Hyderabad: Gene therapy and regenerative medicine were major areas of interest where research was on in large scale as it would be the future medicine, according to Dr Raj Puri of the Centre for Biologics Evaluation and Research in US Food and Drug Administration.
These two therapies had generated a lot of hope as they could be used for modifying gene sequences, removal of destructive genes, genome editing and use of human cells and tissues to treat the body.
The research which began in 1989 now had 600 active gene therapies which were in the final stages of human clinical trials.
Dr Puri explained, “To understand and regulate this new evolving system of medicine, there are strict guidelines and protocols under which the preclinical and clinical trials are carried out. Once there is an investigational new drug identified, it is put on trial but the prime importance is to the safety and life of the subject.”
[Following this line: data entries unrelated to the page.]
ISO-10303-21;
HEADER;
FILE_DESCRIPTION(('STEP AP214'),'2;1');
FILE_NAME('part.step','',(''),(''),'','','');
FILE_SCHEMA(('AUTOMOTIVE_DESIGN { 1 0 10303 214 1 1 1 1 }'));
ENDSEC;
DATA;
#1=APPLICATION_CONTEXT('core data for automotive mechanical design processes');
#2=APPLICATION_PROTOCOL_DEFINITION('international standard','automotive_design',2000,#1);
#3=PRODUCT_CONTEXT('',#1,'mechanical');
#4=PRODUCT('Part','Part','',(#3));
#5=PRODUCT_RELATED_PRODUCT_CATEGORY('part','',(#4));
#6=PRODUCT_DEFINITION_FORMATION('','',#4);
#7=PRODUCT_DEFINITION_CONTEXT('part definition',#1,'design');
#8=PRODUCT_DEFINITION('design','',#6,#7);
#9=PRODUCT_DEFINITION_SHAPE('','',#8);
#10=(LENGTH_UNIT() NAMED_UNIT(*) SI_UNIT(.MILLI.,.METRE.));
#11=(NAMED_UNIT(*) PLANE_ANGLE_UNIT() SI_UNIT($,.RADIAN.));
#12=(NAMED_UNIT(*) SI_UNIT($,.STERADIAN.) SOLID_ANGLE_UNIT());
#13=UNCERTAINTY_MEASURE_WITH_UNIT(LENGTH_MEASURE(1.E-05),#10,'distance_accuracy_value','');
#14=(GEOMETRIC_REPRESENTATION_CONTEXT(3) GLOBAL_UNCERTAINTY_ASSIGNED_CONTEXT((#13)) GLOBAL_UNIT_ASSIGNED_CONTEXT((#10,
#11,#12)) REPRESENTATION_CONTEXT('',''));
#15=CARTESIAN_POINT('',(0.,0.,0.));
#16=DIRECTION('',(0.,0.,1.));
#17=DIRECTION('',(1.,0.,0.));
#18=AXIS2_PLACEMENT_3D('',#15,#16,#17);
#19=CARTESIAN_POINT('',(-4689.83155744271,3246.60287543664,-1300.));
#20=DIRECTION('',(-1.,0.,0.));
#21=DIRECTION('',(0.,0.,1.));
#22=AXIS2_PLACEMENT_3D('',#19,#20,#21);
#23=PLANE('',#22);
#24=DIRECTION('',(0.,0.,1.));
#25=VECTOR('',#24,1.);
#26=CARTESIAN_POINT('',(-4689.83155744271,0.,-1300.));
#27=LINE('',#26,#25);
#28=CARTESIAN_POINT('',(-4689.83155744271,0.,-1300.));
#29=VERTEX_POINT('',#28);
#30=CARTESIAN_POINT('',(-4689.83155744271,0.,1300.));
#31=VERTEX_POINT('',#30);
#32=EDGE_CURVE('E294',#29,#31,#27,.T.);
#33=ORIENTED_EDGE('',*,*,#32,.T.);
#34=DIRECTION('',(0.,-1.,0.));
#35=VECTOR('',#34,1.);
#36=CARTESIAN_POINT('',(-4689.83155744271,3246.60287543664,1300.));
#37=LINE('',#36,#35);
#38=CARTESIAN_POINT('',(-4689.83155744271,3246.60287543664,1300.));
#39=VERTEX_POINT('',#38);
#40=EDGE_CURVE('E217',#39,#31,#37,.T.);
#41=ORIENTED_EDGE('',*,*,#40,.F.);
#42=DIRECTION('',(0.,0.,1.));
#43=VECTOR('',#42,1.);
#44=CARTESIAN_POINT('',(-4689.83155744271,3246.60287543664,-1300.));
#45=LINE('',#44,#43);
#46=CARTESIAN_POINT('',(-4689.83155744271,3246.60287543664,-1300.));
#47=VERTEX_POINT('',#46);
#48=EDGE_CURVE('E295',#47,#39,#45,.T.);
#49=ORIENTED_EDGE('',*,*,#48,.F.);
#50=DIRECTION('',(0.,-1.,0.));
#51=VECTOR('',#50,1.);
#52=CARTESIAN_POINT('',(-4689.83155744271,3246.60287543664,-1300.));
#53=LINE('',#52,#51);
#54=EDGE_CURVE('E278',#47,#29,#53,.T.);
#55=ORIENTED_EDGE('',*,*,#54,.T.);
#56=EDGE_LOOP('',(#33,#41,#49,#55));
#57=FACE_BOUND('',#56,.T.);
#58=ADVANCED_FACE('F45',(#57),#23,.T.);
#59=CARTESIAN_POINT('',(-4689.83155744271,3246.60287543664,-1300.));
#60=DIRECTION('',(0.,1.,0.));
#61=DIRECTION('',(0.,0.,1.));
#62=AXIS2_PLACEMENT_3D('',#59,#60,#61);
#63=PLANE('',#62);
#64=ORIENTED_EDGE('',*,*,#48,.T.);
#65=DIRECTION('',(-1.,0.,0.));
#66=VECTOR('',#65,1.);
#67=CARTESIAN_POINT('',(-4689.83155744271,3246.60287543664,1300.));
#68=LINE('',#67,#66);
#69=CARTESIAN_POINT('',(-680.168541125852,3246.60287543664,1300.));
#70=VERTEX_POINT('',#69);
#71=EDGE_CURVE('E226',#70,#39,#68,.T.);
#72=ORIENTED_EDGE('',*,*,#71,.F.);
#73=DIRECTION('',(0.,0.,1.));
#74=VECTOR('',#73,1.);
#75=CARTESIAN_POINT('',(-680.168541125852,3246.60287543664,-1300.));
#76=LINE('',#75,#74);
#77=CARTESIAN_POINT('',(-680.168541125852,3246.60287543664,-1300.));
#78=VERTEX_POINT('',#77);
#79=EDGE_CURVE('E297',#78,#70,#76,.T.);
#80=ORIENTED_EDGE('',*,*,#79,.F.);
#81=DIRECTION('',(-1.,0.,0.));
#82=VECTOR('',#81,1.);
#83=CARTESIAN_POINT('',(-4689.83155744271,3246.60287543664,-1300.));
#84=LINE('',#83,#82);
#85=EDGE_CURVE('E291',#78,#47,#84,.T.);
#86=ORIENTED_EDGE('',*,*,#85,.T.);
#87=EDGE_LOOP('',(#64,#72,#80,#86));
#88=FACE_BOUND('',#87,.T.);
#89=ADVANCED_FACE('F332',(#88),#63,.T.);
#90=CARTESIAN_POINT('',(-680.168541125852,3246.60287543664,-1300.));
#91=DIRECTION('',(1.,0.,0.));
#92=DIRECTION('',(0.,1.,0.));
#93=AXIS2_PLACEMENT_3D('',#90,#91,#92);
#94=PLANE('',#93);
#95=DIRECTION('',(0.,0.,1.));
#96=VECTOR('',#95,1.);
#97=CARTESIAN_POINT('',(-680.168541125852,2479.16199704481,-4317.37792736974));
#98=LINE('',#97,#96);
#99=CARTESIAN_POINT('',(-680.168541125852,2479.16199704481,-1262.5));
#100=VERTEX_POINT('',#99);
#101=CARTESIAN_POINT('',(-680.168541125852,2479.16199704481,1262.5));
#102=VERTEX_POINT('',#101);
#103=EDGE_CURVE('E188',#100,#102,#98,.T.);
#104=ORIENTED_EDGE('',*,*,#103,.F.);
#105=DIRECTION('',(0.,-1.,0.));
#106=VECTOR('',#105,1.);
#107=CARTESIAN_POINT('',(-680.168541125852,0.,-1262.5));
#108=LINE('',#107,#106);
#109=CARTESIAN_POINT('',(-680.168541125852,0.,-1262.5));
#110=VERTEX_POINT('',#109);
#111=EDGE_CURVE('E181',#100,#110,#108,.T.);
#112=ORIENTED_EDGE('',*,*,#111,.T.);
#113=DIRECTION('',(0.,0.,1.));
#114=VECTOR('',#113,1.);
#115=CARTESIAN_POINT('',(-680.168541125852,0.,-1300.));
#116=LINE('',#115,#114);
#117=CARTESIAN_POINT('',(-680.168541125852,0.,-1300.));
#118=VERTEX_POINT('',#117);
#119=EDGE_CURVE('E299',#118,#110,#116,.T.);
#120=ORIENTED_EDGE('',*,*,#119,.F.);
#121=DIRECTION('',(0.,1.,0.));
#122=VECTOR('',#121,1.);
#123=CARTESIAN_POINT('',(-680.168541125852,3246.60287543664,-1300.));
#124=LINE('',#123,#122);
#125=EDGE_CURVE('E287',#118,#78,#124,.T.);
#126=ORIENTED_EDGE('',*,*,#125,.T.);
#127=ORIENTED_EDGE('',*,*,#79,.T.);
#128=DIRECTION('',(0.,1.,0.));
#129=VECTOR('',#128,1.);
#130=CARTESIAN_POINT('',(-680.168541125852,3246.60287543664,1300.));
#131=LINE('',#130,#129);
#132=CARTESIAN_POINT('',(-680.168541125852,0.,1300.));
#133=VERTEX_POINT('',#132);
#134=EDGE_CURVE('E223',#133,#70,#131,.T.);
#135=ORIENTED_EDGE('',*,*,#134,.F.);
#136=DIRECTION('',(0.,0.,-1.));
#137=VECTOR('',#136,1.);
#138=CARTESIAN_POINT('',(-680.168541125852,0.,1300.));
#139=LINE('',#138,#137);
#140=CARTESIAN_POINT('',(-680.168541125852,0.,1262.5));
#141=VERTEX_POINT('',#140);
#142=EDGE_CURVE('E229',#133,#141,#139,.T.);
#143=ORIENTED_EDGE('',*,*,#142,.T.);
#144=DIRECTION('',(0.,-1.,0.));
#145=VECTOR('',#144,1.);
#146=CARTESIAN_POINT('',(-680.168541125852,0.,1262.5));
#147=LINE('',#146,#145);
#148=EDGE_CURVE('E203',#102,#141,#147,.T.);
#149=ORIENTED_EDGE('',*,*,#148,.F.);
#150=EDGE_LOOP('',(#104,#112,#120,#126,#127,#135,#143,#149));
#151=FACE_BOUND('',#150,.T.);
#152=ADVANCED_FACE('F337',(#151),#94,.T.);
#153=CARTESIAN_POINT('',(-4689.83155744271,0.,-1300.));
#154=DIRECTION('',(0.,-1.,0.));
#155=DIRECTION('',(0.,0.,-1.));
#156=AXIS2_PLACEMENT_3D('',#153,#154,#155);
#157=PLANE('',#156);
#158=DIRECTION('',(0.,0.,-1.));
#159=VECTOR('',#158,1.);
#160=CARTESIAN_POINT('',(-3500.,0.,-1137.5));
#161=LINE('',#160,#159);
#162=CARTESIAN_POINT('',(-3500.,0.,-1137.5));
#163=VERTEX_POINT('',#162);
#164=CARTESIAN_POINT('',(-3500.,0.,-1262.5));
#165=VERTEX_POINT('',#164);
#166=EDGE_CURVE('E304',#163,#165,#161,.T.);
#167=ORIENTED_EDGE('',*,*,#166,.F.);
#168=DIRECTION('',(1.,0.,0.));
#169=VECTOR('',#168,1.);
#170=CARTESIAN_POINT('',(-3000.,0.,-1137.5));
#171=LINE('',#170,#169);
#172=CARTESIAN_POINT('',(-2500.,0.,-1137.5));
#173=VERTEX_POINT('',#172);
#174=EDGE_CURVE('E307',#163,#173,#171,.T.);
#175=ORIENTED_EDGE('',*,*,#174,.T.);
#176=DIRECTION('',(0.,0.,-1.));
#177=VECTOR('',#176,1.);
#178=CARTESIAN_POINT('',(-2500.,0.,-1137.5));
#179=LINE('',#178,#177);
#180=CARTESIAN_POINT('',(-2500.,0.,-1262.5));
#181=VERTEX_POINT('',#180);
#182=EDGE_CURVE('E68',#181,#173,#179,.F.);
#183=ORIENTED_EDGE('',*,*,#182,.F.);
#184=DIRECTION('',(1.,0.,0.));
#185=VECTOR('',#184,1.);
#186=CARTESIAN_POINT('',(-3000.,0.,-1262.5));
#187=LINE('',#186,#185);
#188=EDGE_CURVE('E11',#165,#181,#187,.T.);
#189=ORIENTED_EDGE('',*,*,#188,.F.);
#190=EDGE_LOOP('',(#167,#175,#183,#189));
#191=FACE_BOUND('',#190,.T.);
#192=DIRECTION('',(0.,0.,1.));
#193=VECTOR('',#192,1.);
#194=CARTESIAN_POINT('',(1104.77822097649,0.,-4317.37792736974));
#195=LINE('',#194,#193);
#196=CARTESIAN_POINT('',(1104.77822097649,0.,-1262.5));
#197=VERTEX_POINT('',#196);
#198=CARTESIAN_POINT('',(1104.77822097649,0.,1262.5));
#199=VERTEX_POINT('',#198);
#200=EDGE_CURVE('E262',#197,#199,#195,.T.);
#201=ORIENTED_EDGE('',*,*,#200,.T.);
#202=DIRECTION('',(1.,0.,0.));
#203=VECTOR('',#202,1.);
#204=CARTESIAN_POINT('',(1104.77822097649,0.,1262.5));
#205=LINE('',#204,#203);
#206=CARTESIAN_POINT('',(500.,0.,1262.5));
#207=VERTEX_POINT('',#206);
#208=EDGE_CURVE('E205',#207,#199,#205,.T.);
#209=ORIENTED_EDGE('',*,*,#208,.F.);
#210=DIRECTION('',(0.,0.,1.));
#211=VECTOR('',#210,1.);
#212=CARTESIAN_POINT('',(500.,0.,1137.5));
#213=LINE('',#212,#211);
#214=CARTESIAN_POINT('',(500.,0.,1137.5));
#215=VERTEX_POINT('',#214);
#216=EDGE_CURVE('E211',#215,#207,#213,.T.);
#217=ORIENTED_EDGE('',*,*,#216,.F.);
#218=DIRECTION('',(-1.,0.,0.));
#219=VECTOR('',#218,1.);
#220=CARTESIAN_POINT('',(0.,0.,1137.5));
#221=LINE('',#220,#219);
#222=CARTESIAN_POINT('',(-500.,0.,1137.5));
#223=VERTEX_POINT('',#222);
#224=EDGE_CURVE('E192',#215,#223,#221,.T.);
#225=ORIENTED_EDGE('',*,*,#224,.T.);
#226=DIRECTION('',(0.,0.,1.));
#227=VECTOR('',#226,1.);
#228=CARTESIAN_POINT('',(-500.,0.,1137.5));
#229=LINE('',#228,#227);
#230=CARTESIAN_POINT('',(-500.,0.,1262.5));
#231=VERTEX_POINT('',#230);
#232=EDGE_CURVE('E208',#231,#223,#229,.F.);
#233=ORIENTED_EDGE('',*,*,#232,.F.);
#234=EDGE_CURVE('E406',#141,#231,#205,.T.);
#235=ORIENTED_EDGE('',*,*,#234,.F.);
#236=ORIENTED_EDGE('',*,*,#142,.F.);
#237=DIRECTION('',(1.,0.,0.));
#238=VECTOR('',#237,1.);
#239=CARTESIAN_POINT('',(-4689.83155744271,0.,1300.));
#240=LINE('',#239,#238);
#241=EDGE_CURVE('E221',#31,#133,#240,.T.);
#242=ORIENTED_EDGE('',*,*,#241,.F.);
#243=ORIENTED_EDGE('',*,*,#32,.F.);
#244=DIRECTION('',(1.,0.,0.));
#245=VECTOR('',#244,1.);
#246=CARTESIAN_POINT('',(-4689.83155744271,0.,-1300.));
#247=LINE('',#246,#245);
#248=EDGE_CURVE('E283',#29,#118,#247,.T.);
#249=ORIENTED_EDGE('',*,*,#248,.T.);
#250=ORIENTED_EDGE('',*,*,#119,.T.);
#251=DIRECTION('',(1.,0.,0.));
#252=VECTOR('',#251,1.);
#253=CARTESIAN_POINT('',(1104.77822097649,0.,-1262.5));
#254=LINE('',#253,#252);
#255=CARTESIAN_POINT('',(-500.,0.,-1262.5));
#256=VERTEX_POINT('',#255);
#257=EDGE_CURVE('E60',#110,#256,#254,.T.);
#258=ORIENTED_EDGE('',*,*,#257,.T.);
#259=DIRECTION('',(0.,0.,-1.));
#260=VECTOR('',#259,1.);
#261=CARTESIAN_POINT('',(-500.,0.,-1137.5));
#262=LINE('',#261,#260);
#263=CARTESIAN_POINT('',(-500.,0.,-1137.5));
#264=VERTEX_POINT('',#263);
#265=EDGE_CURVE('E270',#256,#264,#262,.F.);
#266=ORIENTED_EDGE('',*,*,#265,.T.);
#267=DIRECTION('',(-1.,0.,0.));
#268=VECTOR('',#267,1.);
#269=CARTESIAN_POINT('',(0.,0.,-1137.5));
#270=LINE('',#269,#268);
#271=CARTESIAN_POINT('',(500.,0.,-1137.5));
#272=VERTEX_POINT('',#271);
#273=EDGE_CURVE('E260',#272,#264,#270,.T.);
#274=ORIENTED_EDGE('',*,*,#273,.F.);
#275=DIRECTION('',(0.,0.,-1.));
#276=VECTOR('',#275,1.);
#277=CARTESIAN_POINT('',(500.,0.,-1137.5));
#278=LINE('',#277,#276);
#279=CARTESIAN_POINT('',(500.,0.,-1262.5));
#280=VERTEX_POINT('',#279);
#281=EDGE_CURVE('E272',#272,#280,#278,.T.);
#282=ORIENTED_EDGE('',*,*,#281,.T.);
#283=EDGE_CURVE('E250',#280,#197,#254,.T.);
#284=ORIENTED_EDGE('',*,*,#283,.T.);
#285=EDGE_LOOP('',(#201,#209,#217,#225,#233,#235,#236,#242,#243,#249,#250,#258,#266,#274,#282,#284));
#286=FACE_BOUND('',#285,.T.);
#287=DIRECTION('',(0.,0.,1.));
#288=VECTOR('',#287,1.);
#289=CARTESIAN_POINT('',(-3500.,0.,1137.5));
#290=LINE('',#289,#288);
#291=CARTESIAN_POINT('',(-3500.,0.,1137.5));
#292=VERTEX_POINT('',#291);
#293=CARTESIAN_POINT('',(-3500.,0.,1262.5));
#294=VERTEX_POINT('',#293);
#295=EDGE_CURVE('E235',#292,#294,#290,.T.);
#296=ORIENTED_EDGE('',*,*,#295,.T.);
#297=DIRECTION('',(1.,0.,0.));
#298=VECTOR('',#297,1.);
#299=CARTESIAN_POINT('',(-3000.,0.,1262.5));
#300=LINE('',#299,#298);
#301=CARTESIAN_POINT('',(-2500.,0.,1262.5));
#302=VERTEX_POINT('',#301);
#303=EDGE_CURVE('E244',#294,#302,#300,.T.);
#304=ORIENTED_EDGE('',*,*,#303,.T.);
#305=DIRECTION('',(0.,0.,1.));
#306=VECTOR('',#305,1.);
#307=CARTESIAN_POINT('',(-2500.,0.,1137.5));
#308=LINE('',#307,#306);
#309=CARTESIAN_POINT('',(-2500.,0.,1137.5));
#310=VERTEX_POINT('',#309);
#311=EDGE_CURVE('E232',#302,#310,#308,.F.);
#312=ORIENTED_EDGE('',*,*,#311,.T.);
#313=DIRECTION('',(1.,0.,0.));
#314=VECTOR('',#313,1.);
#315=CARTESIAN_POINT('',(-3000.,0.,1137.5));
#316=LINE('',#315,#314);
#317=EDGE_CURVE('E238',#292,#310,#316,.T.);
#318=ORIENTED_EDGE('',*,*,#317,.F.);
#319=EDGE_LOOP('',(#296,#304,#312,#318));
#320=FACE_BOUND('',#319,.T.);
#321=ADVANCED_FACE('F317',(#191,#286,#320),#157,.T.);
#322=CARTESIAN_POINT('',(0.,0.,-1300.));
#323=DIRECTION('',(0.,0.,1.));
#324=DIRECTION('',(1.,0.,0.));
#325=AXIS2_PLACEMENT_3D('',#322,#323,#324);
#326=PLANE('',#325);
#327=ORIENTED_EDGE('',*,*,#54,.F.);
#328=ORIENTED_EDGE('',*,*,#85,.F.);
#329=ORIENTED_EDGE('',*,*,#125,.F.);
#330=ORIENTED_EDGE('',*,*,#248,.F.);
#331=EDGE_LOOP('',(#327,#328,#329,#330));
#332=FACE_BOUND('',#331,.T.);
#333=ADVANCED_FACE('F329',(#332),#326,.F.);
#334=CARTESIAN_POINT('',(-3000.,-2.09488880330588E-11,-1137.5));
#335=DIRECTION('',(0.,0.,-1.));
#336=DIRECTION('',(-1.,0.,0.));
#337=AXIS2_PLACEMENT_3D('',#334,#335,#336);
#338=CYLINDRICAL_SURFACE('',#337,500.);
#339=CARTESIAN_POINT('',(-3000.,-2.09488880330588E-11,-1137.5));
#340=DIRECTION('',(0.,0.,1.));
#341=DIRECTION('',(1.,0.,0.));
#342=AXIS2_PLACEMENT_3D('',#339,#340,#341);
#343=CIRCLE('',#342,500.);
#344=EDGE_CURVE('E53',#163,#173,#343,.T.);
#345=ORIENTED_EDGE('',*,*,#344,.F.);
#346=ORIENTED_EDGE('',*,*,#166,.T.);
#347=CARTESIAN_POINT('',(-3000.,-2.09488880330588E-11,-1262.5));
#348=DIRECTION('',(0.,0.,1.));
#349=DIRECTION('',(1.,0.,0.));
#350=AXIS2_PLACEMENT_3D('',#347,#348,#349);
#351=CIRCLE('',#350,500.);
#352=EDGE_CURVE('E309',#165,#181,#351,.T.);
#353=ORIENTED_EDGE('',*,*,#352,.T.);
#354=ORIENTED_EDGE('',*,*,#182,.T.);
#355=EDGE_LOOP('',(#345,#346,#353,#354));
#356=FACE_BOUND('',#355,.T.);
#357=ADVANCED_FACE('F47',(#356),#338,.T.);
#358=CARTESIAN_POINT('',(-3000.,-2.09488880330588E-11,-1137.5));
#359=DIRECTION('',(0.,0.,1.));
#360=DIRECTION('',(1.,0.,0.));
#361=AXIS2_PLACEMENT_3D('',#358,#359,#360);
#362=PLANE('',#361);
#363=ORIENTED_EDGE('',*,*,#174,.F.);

The US FDA had breakthrough therapy designation for the new drugs which were in the discovery stage and gene therapy had the highest with 21 new drugs in the pipeline.
Similarly, regenerative medicine had 50 new drugs which were in the pipeline and would take another couple of years to be finally designated as a drug. The identity of medicines and treatment was set to change where for diseases like cancer there were new treatments being considered.
There could be changes made in the cells in the laboratory and placed in the body.
The adverse effects which had been recorded by researchers in gene therapy were mutation of the genes, non-specific tissue tears, genome reactions and immunological changes.
These were being assessed and further rectified to ensure that they were precise in the target and there was maximum benefit and less damage.